L'opération a été réalisée en trois phases et a duré plus de 10 heures, précise Dr Ennouri en soulignant que la date de l’intervention chirurgicale a été fixée depuis l’année dernière, rappelant que les préparatifs pour la réalisation de cette greffe ont duré trois ans.
Il a, en outre, ajouté qu’actuellement l’état de santé du père (le donneur) et de son bébé est stable.

“Le bébé restera sous contrôle médical pendant cinq jours pour s’assurer de l’acceptation de son corps de l’organe transplanté”, indique de son côté le directeur général de l’hôpital Radhouane Harbi à l'agence TAP.

D’autres opérations de ce type sont prévues, dans le cadre de l’accord avec l'hôpital français, a annoncé Dr Ennouri. Il a fait savoir, par ailleurs, qu'une telle opération coûte à l'étranger plus de 150 mille euros soit près de 450 mille dinars.

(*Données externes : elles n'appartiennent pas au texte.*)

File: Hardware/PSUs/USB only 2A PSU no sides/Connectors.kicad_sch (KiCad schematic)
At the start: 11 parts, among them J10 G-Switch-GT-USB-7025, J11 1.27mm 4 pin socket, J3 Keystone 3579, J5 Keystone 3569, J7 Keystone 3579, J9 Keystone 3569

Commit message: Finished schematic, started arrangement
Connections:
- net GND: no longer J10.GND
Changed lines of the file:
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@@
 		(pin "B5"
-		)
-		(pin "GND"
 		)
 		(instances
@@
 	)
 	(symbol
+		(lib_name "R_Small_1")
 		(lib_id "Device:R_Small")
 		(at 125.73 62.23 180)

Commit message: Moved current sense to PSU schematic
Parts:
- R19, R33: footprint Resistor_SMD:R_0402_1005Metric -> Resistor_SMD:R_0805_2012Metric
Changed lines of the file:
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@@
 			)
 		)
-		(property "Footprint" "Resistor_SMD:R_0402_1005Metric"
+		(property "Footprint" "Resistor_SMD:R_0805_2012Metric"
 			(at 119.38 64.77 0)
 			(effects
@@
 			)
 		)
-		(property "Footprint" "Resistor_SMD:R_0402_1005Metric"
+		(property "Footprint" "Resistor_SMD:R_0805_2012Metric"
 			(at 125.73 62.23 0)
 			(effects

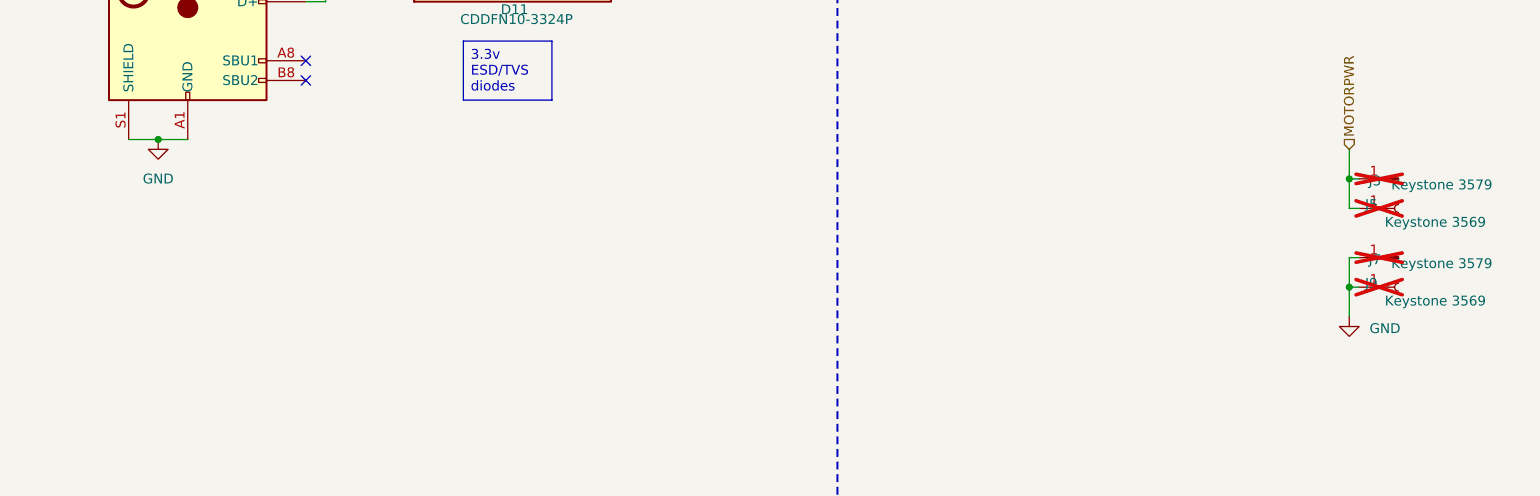
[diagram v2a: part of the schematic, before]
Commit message: Added USB bus and finished preliminary routing
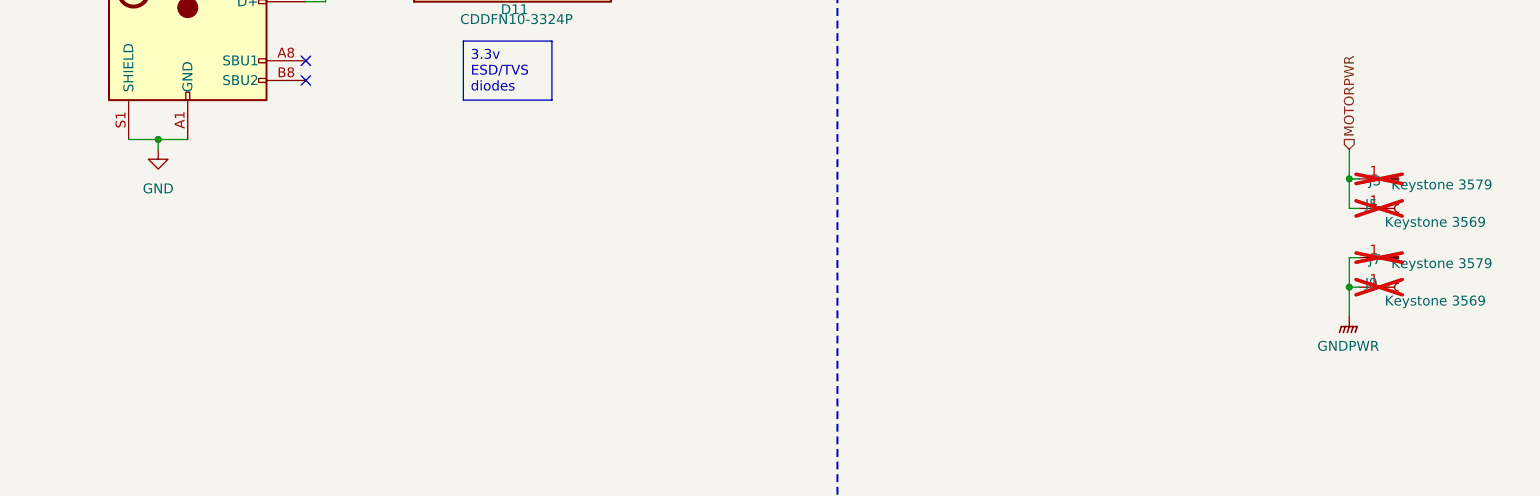
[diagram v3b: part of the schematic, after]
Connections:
- net GND: no longer J7.1 (Pin_1), J9.1 (Pin_1)
- new net GNDPWR: J7.1 (Pin_1), J9.1 (Pin_1)
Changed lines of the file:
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@@
+	(wire
+		(pts
+			(xy 48.26 91.44) (xy 48.26 90.17)
+		)
+		(stroke
+			(width 0)
+			(type default)
+		)
+	)
 	(wire
 		(pts
@@
 	)
 	(symbol
+		(lib_id "power:GNDPWR")
+		(at 201.93 113.03 0)
+		(unit 1)
+		(exclude_from_sim no)
+		(in_bom yes)
+		(on_board yes)
+		(dnp no)
+		(fields_autoplaced yes)
+		(property "Reference" "#PWR08"
+			(at 201.93 118.11 0)
+			(effects
+				(font
+					(size 1.27 1.27)
+				)
+				(hide yes)
+			)
+		)
+		(property "Value" "GNDPWR"
+			(at 201.803 116.84 0)
+			(effects
+				(font
+					(size 1.27 1.27)
+				)
+			)
+		)
+		(property "Footprint" ""
+			(at 201.93 114.3 0)
+			(effects
+				(font
+					(size 1.27 1.27)
+				)
+				(hide yes)
+			)
+		)
+		(property "Datasheet" ""
+			(at 201.93 114.3 0)
+			(effects
+				(font
+					(size 1.27 1.27)
+				)
+				(hide yes)
+			)
+		)
+		(property "Description" "Power symbol creates a global label with name \"GNDPWR\" , global ground"
+			(at 201.93 113.03 0)
+			(effects
+				(font
+					(size 1.27 1.27)
+				)
+				(hide yes)
+			)
+		)
+		(pin "1"
+		)
+		(instances
+			(project "USB only 2A PSU no sides"
+				(path "/eb3f183d-8bb1-43a5-a363-092ed67891e3/3a3003bc-8e40-4cd7-b859-421f37e4b48c"
+					(reference "#PWR08")
+					(unit 1)
+				)
+			)
+		)
+	)
+	(symbol
 		(lib_id "power:PWR_FLAG")
 		(at 76.2 44.45 0)
@@
 	)
 	(symbol
-		(lib_id "power:GND")
-		(at 201.93 113.03 0)
-		(unit 1)
-		(exclude_from_sim no)
-		(in_bom yes)
-		(on_board yes)
-		(dnp no)
-		(property "Reference" "#PWR08"
-			(at 201.93 119.38 0)
-			(effects
-				(font
-					(size 1.27 1.27)
-				)
-				(hide yes)
-			)
-		)
-		(property "Value" "GND"
-			(at 208.534 114.554 0)
-			(effects
-				(font
-					(size 1.27 1.27)
-				)
-				(justify right)
-			)
-		)
-		(property "Footprint" ""
-			(at 201.93 113.03 0)
-			(effects
-				(font
-					(size 1.27 1.27)
-				)
-				(hide yes)
-			)
-		)
-		(property "Datasheet" ""
-			(at 201.93 113.03 0)
-			(effects
-				(font
-					(size 1.27 1.27)
-				)
-				(hide yes)
-			)
-		)
-		(property "Description" "Power symbol creates a global label with name \"GND\" , ground"
-			(at 201.93 113.03 0)
-			(effects
-				(font
-					(size 1.27 1.27)
-				)
-				(hide yes)
-			)
-		)
-		(pin "1"
-		)
-		(instances
-			(project "2s 40A PSU and charger"
-				(path "/eb3f183d-8bb1-43a5-a363-092ed67891e3/3a3003bc-8e40-4cd7-b859-421f37e4b48c"
-					(reference "#PWR08")
-					(unit 1)
-				)
-			)
-		)
-	)
-	(symbol
 		(lib_id "Device:R_Small")
 		(at 119.38 64.77 180)
@@
 	(symbol
 		(lib_id "power:GND")
-		(at 48.26 90.17 0)
+		(at 48.26 91.44 0)
 		(unit 1)
 		(exclude_from_sim no)
@@
 		(fields_autoplaced yes)
 		(property "Reference" "#PWR02"
+			(at 48.26 97.79 0)
+			(effects
+				(font
+					(size 1.27 1.27)
+				)
+				(hide yes)
+			)
+		)
+		(property "Value" "GND"
 			(at 48.26 96.52 0)
 			(effects
@@
 					(size 1.27 1.27)
 				)
-				(hide yes)
-			)
-		)
-		(property "Value" "GND"
-			(at 48.26 95.25 0)
-			(effects
-				(font
-					(size 1.27 1.27)
-				)
 			)
 		)
 		(property "Footprint" ""
-			(at 48.26 90.17 0)
+			(at 48.26 91.44 0)
 			(effects
 				(font
@@
 		)
 		(property "Datasheet" ""
-			(at 48.26 90.17 0)
+			(at 48.26 91.44 0)
 			(effects
 				(font
@@
 		)
 		(property "Description" "Power symbol creates a global label with name \"GND\" , ground"
-			(at 48.26 90.17 0)
-			(effects
-				(font
+			(at 48.26 91.44 0)
+			(effects
+				(font

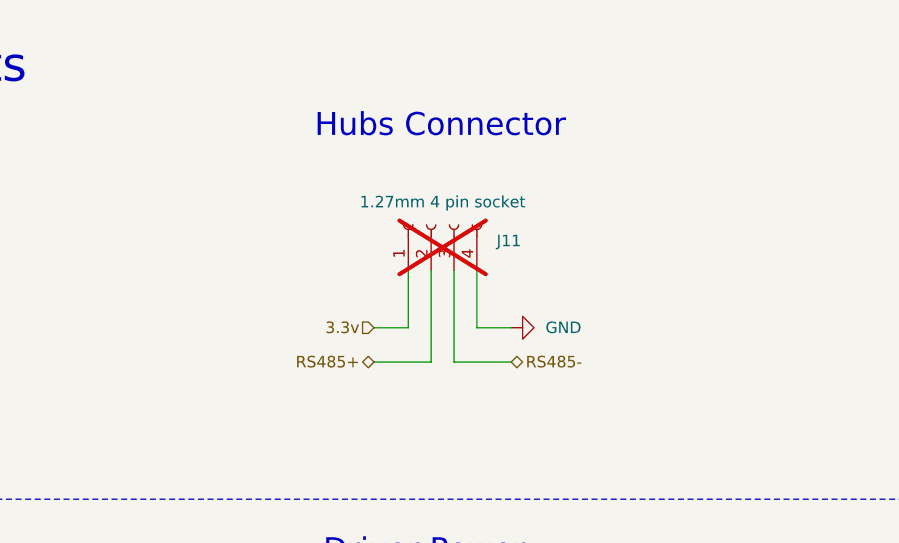
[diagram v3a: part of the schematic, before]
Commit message: revised ground circuit
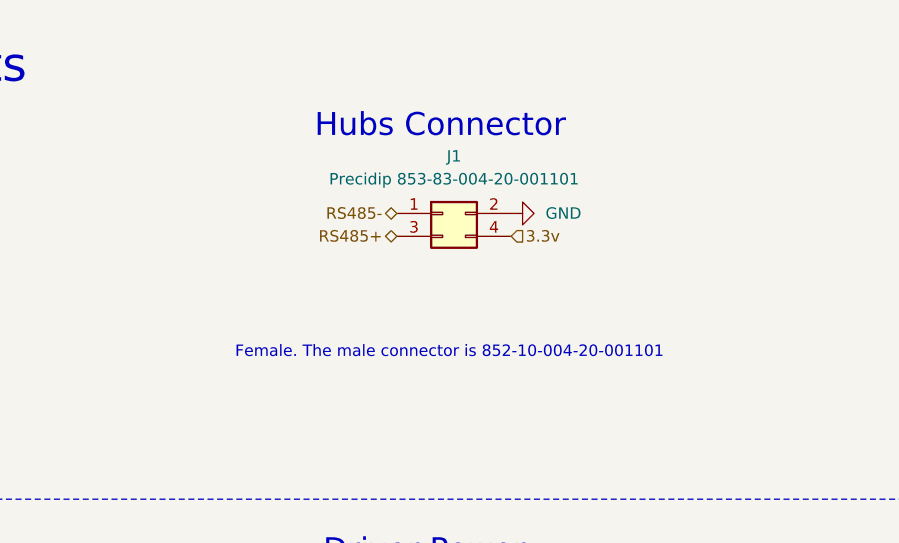
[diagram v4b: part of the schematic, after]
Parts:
- removed J11: 1.27mm 4 pin socket, Connector_PinSocket_1.27mm:PinSocket_1x04_P1.27mm_Vertical, symbol Connector:Conn_01x04_Socket
- added J1: Precidip 853-83-004-20-001101, Connector_PinHeader_1.27mm:PinHeader_2x02_P1.27mm_Horizontal, symbol Connector_Generic:Conn_02x02_Odd_Even
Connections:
- net 3.3v: now also J1.4 (Pin_4)
- net GND: now also J1.2 (Pin_2)
- net RS485+: now also J1.3 (Pin_3)
- net RS485-: now also J1.1 (Pin_1)
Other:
- note added: "Female. The male connector is 852-10-004-20-001101"
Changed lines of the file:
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@@
 		(comment 1 "Licensed under CERN-OHL-S")
+	)
+	(text "Female. The male connector is 852-10-004-20-001101"
+		(exclude_from_sim no)
+		(at 206.502 48.514 0)
+		(effects
+			(font
+				(size 1.27 1.27)
+			)
+		)
 	)
 	(text "Outputs"
@@
 	(wire
 		(pts
-			(xy 207.01 39.37) (xy 207.01 49.53)
-		)
-		(stroke
-			(width 0)
-			(type default)
-		)
-	)
-	(wire
-		(pts
 			(xy 201.93 95.25) (xy 203.2 95.25)
 		)
@@
 	(wire
 		(pts
-			(xy 198.12 45.72) (xy 201.93 45.72)
-		)
-		(stroke
-			(width 0)
-			(type default)
-		)
-	)
-	(wire
-		(pts
-			(xy 209.55 39.37) (xy 209.55 45.72)
-		)
-		(stroke
-			(width 0)
-			(type default)
-		)
-	)
-	(wire
-		(pts
 			(xy 76.2 69.85) (xy 111.76 69.85)
 		)
@@
 	(wire
 		(pts
-			(xy 207.01 49.53) (xy 213.36 49.53)
-		)
-		(stroke
-			(width 0)
-			(type default)
-		)
-	)
-	(wire
-		(pts
 			(xy 111.76 64.77) (xy 121.92 64.77)
-		)
-		(stroke
-			(width 0)
-			(type default)
-		)
-	)
-	(wire
-		(pts
-			(xy 201.93 39.37) (xy 201.93 45.72)
 		)
 		(stroke
@@
 	(wire
 		(pts
-			(xy 204.47 39.37) (xy 204.47 49.53)
-		)
-		(stroke
-			(width 0)
-			(type default)
-		)
-	)
-	(wire
-		(pts
 			(xy 69.85 59.69) (xy 76.2 59.69)
 		)
@@
 	(wire
 		(pts
-			(xy 198.12 49.53) (xy 204.47 49.53)
-		)
-		(stroke
-			(width 0)
-			(type default)
-		)
-	)
-	(wire
-		(pts
 			(xy 76.2 44.45) (xy 76.2 52.07)
 		)
@@
 		(pts
 			(xy 76.2 52.07) (xy 67.31 52.07)
-		)
-		(stroke
-			(width 0)
-			(type default)
-		)
-	)
-	(wire
-		(pts
-			(xy 209.55 45.72) (xy 213.36 45.72)
 		)
 		(stroke
@@
 	(hierarchical_label "RS485+"
 		(shape bidirectional)
-		(at 198.12 49.53 180)
+		(at 200.66 35.56 180)
 		(effects
 			(font
@@
 	(hierarchical_label "3.3v"
 		(shape input)
-		(at 198.12 45.72 180)
+		(at 213.36 35.56 0)
 		(fields_autoplaced yes)
 		(effects
@@
 				(size 1.27 1.27)
 			)
-			(justify right)
+			(justify left)
 		)
 		(property "Netclass" "Charge Current"
-			(at 198.12 46.99 0)
+			(at 213.36 36.83 0)
 			(effects
 				(font
@@
 					(italic yes)
 				)
-				(justify right)
+				(justify left)
 			)
 		)
@@
 	(hierarchical_label "RS485-"
 		(shape bidirectional)
-		(at 213.36 49.53 0)
+		(at 200.66 33.02 180)
 		(effects
 			(font
 				(size 1.27 1.27)
 			)
-			(justify left)
+			(justify right)
 		)
 	)
@@
 	(symbol
 		(lib_id "power:GND")
-		(at 213.36 45.72 90)
+		(at 213.36 33.02 90)
 		(unit 1)
 		(exclude_from_sim no)
@@
 		(fields_autoplaced yes)
 		(property "Reference" "#PWR028"
-			(at 219.71 45.72 0)
+			(at 219.71 33.02 0)
 			(effects
 				(font
@@
 		)
 		(property "Value" "GND"
-			(at 217.17 45.7199 90)
+			(at 217.17 33.0199 90)
 			(effects
 				(font
@@
 		)
 		(property "Footprint" ""
-			(at 213.36 45.72 0)
+			(at 213.36 33.02 0)
 			(effects
 				(font
@@
 		)
 		(property "Datasheet" ""
-			(at 213.36 45.72 0)
+			(at 213.36 33.02 0)
 			(effects
 				(font
@@
 		)
 		(property "Description" "Power symbol creates a global label with name \"GND\" , ground"
-			(at 213.36 45.72 0)
+			(at 213.36 33.02 0)
 			(effects
 				(font
@@
 				(path "/eb3f183d-8bb1-43a5-a363-092ed67891e3/3a3003bc-8e40-4cd7-b859-421f37e4b48c"
 					(reference "C7")
+					(unit 1)
+				)
+			)
+		)
+	)
+	(symbol
+		(lib_id "Connector_Generic:Conn_02x02_Odd_Even")
+		(at 205.74 33.02 0)
+		(unit 1)
+		(exclude_from_sim no)
+		(in_bom yes)
+		(on_board yes)
+		(dnp no)
+		(fields_autoplaced yes)
+		(property "Reference" "J1"
+			(at 207.01 26.67 0)
+			(effects
+				(font
+					(size 1.27 1.27)
+				)
+			)
+		)
+		(property "Value" "Precidip 853-83-004-20-001101"
+			(at 207.01 29.21 0)
+			(effects
+				(font
+					(size 1.27 1.27)
+				)
+			)
+		)
+		(property "Footprint" "Connector_PinHeader_1.27mm:PinHeader_2x02_P1.27mm_Horizontal"
+			(at 205.74 33.02 0)
+			(effects
+				(font
+					(size 1.27 1.27)
+				)
+				(hide yes)
+			)
+		)
+		(property "Datasheet" "~"
+			(at 205.74 33.02 0)
+			(effects
+				(font
+					(size 1.27 1.27)
+				)
+				(hide yes)
+			)
+		)
+		(property "Description" "Generic connector, double row, 02x02, odd/even pin numbering scheme (row 1 odd numbers, row 2 even numbers), script generated (kicad-library-utils/schlib/autogen/connector/)"
+			(at 205.74 33.02 0)
+			(effects
+				(font
+					(size 1.27 1.27)
+				)
+				(hide yes)
+			)
+		)
+		(pin "3"
+		)
+		(pin "2"
+		)
+		(pin "4"
+		)
+		(pin "1"
+		)
+		(instances
+			(project ""
+				(path "/eb3f183d-8bb1-43a5-a363-092ed67891e3/3a3003bc-8e40-4cd7-b859-421f37e4b48c"
+					(reference "J1")
 					(unit 1)
 				)
@@
 					(unit 1)
 				)
-			)
-		)
-	)
-	(symbol
-		(lib_id "Connector:Conn_01x04_Socket")
-		(at 204.47 34.29 90)
-		(unit 1)
-		(exclude_from_sim no)
-		(in_bom yes)
-		(on_board yes)
-		(dnp yes)
-		(property "Reference" "J11"
-			(at 213.106 36.068 90)
-			(effects
-				(font
-					(size 1.27 1.27)
-				)
-			)
-		)
-		(property "Value" "1.27mm 4 pin socket"
-			(at 205.74 31.75 90)
-			(effects
-				(font
-					(size 1.27 1.27)
-				)
-			)
-		)
-		(property "Footprint" "Connector_PinSocket_1.27mm:PinSocket_1x04_P1.27mm_Vertical"
-			(at 204.47 34.29 0)
-			(effects
-				(font
-					(size 1.27 1.27)
-				)
-				(hide yes)
-			)
-		)
-		(property "Datasheet" "~"
-			(at 204.47 34.29 0)
-			(effects
-				(font
-					(size 1.27 1.27)
-				)
-				(hide yes)
-			)
-		)
-		(property "Description" "Generic connector, single row, 01x04, script generated"
-			(at 204.47 34.29 0)
-			(effects
-				(font
-					(size 1.27 1.27)
-				)
-				(hide yes)
-			)
-		)
-		(pin "3"
-		)
-		(pin "4"
-		)
-		(pin "2"
-		)
-		(pin "1"
-		)
-		(instances
-			(project "2s 40A PSU and charger"
-				(path "/eb3f183d-8bb1-43a5-a363-092ed67891e3/3a3003bc-8e40-4cd7-b859-421f37e4b48c"
-					(reference "J11")
-					(unit 1)
-				)
-			)
-			(project "Connectors"
-				(path "/ef905b65-82b7-484f-997c-0c6089b83b28"
-					(reference "J?")
-					(unit 1)
-				)

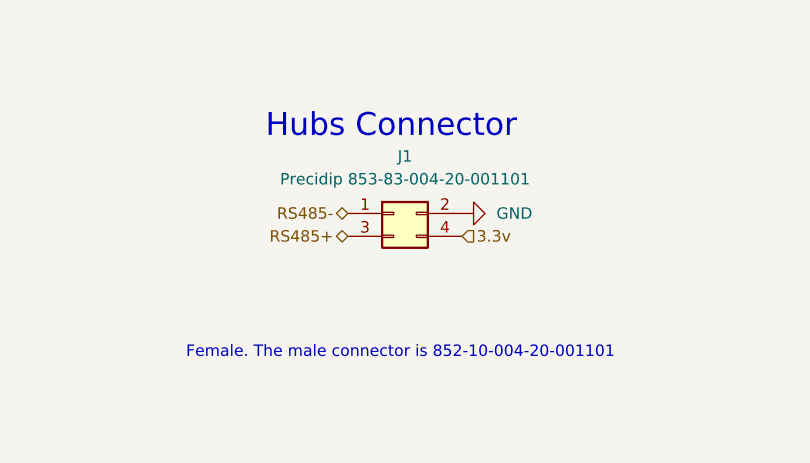
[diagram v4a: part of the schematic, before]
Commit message: Updated connector part ID, added production files
I messed on on a single number 83 vs 87. The difference is in the plating, and 83 is not available anywhere
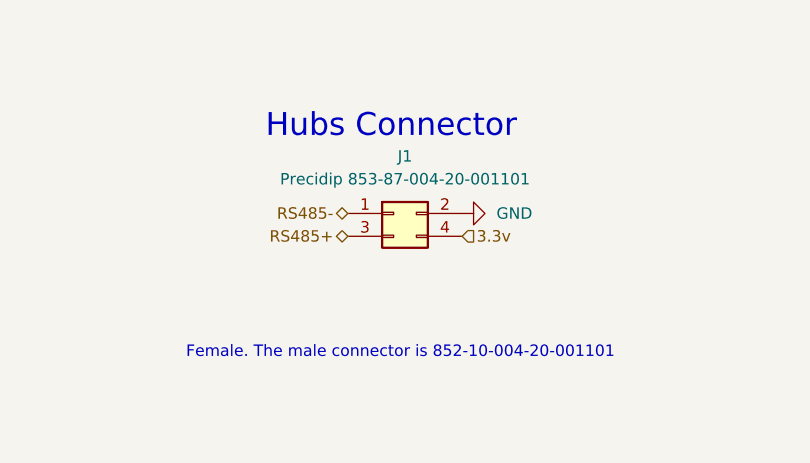
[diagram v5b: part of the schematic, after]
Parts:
- J1: value Precidip 853-83-004-20-001101 -> Precidip 853-87-004-20-001101
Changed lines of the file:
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@@
 			)
 		)
-		(property "Value" "Precidip 853-83-004-20-001101"
+		(property "Value" "Precidip 853-87-004-20-001101"
 			(at 207.01 29.21 0)
 			(effects

Cette initiative avait été annoncée, la première fois, par l’ancien ministre de la Santé, feu Slim Chaker, le 6 octobre dernier. Il n’a malheureusement pas vécu pour partager la joie de l’équipe médicale, du ministère et des parents de la patiente.

L’année dernière une opération de double greffe de foie et de rein a été effectuée avec succès à l’hôpital de Sahloul à Sousse.

Pourtant le don d’organes en Tunisie demeure faible. Seulement le tiers des Tunisiens parlent du don d’organes avec la famille et les proches, révèle un récent sondage.

D'après la directrice générale du Centre national pour la promotion de la transplantation d’organes (CNPTO), Rafika Bardi, le problème de la baisse de donneurs au cours des dernières années s'explique par l’absence de la culture du don d’organes en Tunisie et dans les pays maghrébins, ce qui conduit à la mort du patient en attente d’une greffe. Elle met en cause “les traditions, les mentalités arriérées et les préjugés” ainsi qu’une “confusion” chez l’opinion publique entre le don d’organes et le trafic d’organes.